Черт! Какая же я дура! Я чертова дура, но больше быть такой я не желаю.
— Нет! — мой ответ прозвучал громко и спокойно.
— Что? — Генри выпучивает глаза и смотрит на свою мамочку. Миранда ищет руку Кшиштофа, но тот игнорирует ее прикосновение, и развернувшись уходит. Видимо, не желает присутствовать при подобном позоре. Ну, надо же, в его идеальной семье, что-то пошло не так. Какая трагедия.
— Генри, не стоило делать предложение после того, как мы расстались, — выпалила я. — Мне очень жаль, что тебе приходится это выслушивать, но я не скажу "Да".
Резко развернувшись на каблуках я выбежала из зала. Вслед неслись недоуменные возгласы. Кажется, я не сдержала слово, которое дала маме. Но мне нужно было поговорить с одним единственным человеком, мнение которого для меня сейчас было не безразлично. Где Торн?

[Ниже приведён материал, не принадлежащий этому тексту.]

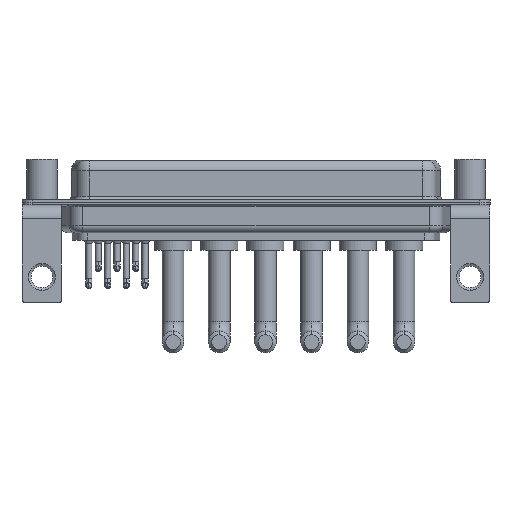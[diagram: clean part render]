
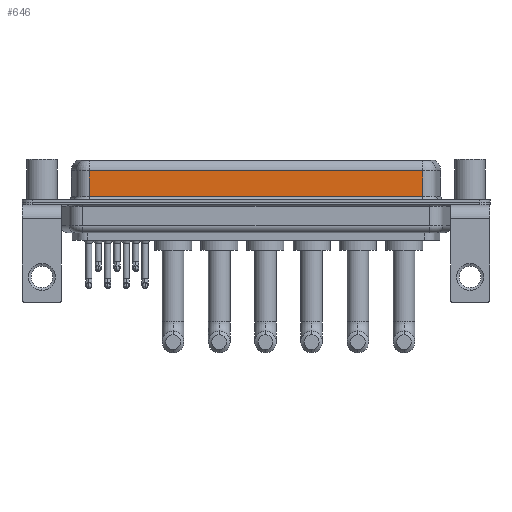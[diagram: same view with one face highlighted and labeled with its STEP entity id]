
A CAD part, front view. The second image highlights one B-rep face of the part: STEP entity #646.
In plain terms, the highlighted planar face has unit normal (0, -1, 0).
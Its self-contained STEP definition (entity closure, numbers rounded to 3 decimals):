
#151 = DIRECTION ( 'NONE',  ( 0., 0., -1. ) ) ;
#222 = ORIENTED_EDGE ( 'NONE', *, *, #18394, .F. ) ;
#646 = ADVANCED_FACE ( 'NONE', ( #17537 ), #7806, .F. ) ;
#1102 = CARTESIAN_POINT ( 'NONE',  ( 56.462, -3.95, 4.65 ) ) ;
#1345 = DIRECTION ( 'NONE',  ( 0., 0., 1. ) ) ;
#1467 = VERTEX_POINT ( 'NONE', #2726 ) ;
#2563 = LINE ( 'NONE', #1102, #8716 ) ;
#2617 = LINE ( 'NONE', #10794, #12002 ) ;
#2726 = CARTESIAN_POINT ( 'NONE',  ( 56.462, -3.95, 0.9 ) ) ;
#4333 = VERTEX_POINT ( 'NONE', #9080 ) ;
#4375 = DIRECTION ( 'NONE',  ( -1., 0., 0. ) ) ;
#6806 = VERTEX_POINT ( 'NONE', #13483 ) ;
#7806 = PLANE ( 'NONE',  #16508 ) ;
#8472 = VERTEX_POINT ( 'NONE', #9014 ) ;
#8662 = VECTOR ( 'NONE', #15447, 1000. ) ;
#8716 = VECTOR ( 'NONE', #4375, 1000. ) ;
#9014 = CARTESIAN_POINT ( 'NONE',  ( 7.038, -3.95, 4.65 ) ) ;
#9080 = CARTESIAN_POINT ( 'NONE',  ( 7.038, -3.95, 0.9 ) ) ;
#9192 = CARTESIAN_POINT ( 'NONE',  ( 56.462, -3.95, 6.4 ) ) ;
#9385 = CARTESIAN_POINT ( 'NONE',  ( 56.462, -3.95, 6.4 ) ) ;
#9586 = EDGE_CURVE ( 'NONE', #6806, #8472, #2563, .T. ) ;
#10236 = EDGE_LOOP ( 'NONE', ( #222, #14937, #13651, #19672 ) ) ;
#10794 = CARTESIAN_POINT ( 'NONE',  ( 56.462, -3.95, 0.9 ) ) ;
#11370 = CARTESIAN_POINT ( 'NONE',  ( 7.038, -3.95, 6.4 ) ) ;
#12002 = VECTOR ( 'NONE', #17254, 1000. ) ;
#13483 = CARTESIAN_POINT ( 'NONE',  ( 56.462, -3.95, 4.65 ) ) ;
#13651 = ORIENTED_EDGE ( 'NONE', *, *, #15236, .T. ) ;
#14024 = VECTOR ( 'NONE', #151, 1000. ) ;
#14063 = LINE ( 'NONE', #9192, #8662 ) ;
#14937 = ORIENTED_EDGE ( 'NONE', *, *, #9586, .T. ) ;
#15236 = EDGE_CURVE ( 'NONE', #8472, #4333, #16136, .T. ) ;
#15447 = DIRECTION ( 'NONE',  ( 0., 0., -1. ) ) ;
#15983 = EDGE_CURVE ( 'NONE', #4333, #1467, #2617, .T. ) ;
#16136 = LINE ( 'NONE', #11370, #14024 ) ;
#16508 = AXIS2_PLACEMENT_3D ( 'NONE', #9385, #20627, #1345 ) ;
#17254 = DIRECTION ( 'NONE',  ( 1., 0., 0. ) ) ;
#17537 = FACE_OUTER_BOUND ( 'NONE', #10236, .T. ) ;
#18394 = EDGE_CURVE ( 'NONE', #6806, #1467, #14063, .T. ) ;
#19672 = ORIENTED_EDGE ( 'NONE', *, *, #15983, .T. ) ;
#20627 = DIRECTION ( 'NONE',  ( 0., 1., 0. ) ) ;

На гостевой открытой стоянки за домом не было его мотоцикла. Мать его, мотоцикла!
Ничего не понимаю, я же все написала, объяснила.
Написала и… передала письмо человеку, которому полностью доверяла.
— Шерон, ты что творишь?
Я неверяще обернулась и посмотрела на бегущую ко мне маму, нежную, родную, заботливую, с моего рождения оберегающую меня от всех напастей мира.
— Мама, — выдохнула я, все еще на что-то надеясь, — ты передала утром записку горничной, которую я вызвала?
Она споткнулась, сбиваясь в быстром шаге. В ушах качнулись голубые прабабушкины бриллианты. Сколько себя помню, мама надевала их только по большим праздникам, как же я не заметила их утром? Совсем замученная и невнимательная стала.
— При чем тут записка! — возмущенно сказала она. — Ты только что разрушила свое будущее. Шерон Уати! Немедленно возьми себя в руки и пойди извинись перед своим молодым человеком. У всех бывают сложные периоды, но только сильные люди…
— Мама! ТЫ ПЕРЕДАЛА ЗАПИСКУ?!
— Нет! У меня других дел было по горло! Твой отец и мистер Кшиштоф…
— Да плевать мне на мистера Кшиштофа! Ты знала про планы Генри? Вы с папой все знали? Все знали, кроме меня? Как вы могли?!
Она с ужасом отшатнулась, прикрывая ладонью рот.
Мы никогда не кричали друг на друга. Кричат в других семьях, тех, где у родителей нет хорошего образования и достойной работы, где дети не слушают родителей и курят под одеялом травку.
В нашем кругу разговаривали тихо и с достоинством, решая все ситуации доброжелательным обсуждением.
— Тебе плевать на мистера Звальски? И, судя по всему, плевать на нас с папой. Ты сейчас кричишь как портовая девка, постыдись. Мужчины в твоей жизни могут меняться, даже вдовы встречают следующих мужей. Знаешь, Шерон, кого ты никогда не сможешь заменить на новых? Родителей. Мы с папой у тебя единственные. Незаменимые. Родные тебе люди, которым ты обязана. Подумай, что ты творишь! Тебе так нужен Торн? Незаменим ночами? Ничего с ним не случится, как убежал, так и прибежит как миленький за юным телом. А вот твой отец сейчас тебя спасает, всех успокаивает. Люди подарки привезли, между прочим! Всем утром именные приглашения от Генри и Шерон принесли. Ты мне честное слово давала, что не устроишь скандала. Так почему подумать не попросила? Просто «разреши, милый, я обдумаю…». Сложно?! Лучше было опозорить перед всеми? Чтобы Завельски аннулировали контракты с папой?
Я смотрела на двигающиеся губы, аккуратно накрашенные помадой «Арабская Роза», и пыталась понять, когда я для своих родителей превратилась в куклу, обязанную им по гроб жизни.
Слова были правильные, родителей я обожала, знала как для папы важна работа. Но…
Дик не комнатная собачонка. Он не «прибежит». Он ждал меня всю ночь, утром получил приглашение с моим именем, видел замешательство, паузы… и решил, что я просто стесняюсь перед ним, но давно все решила.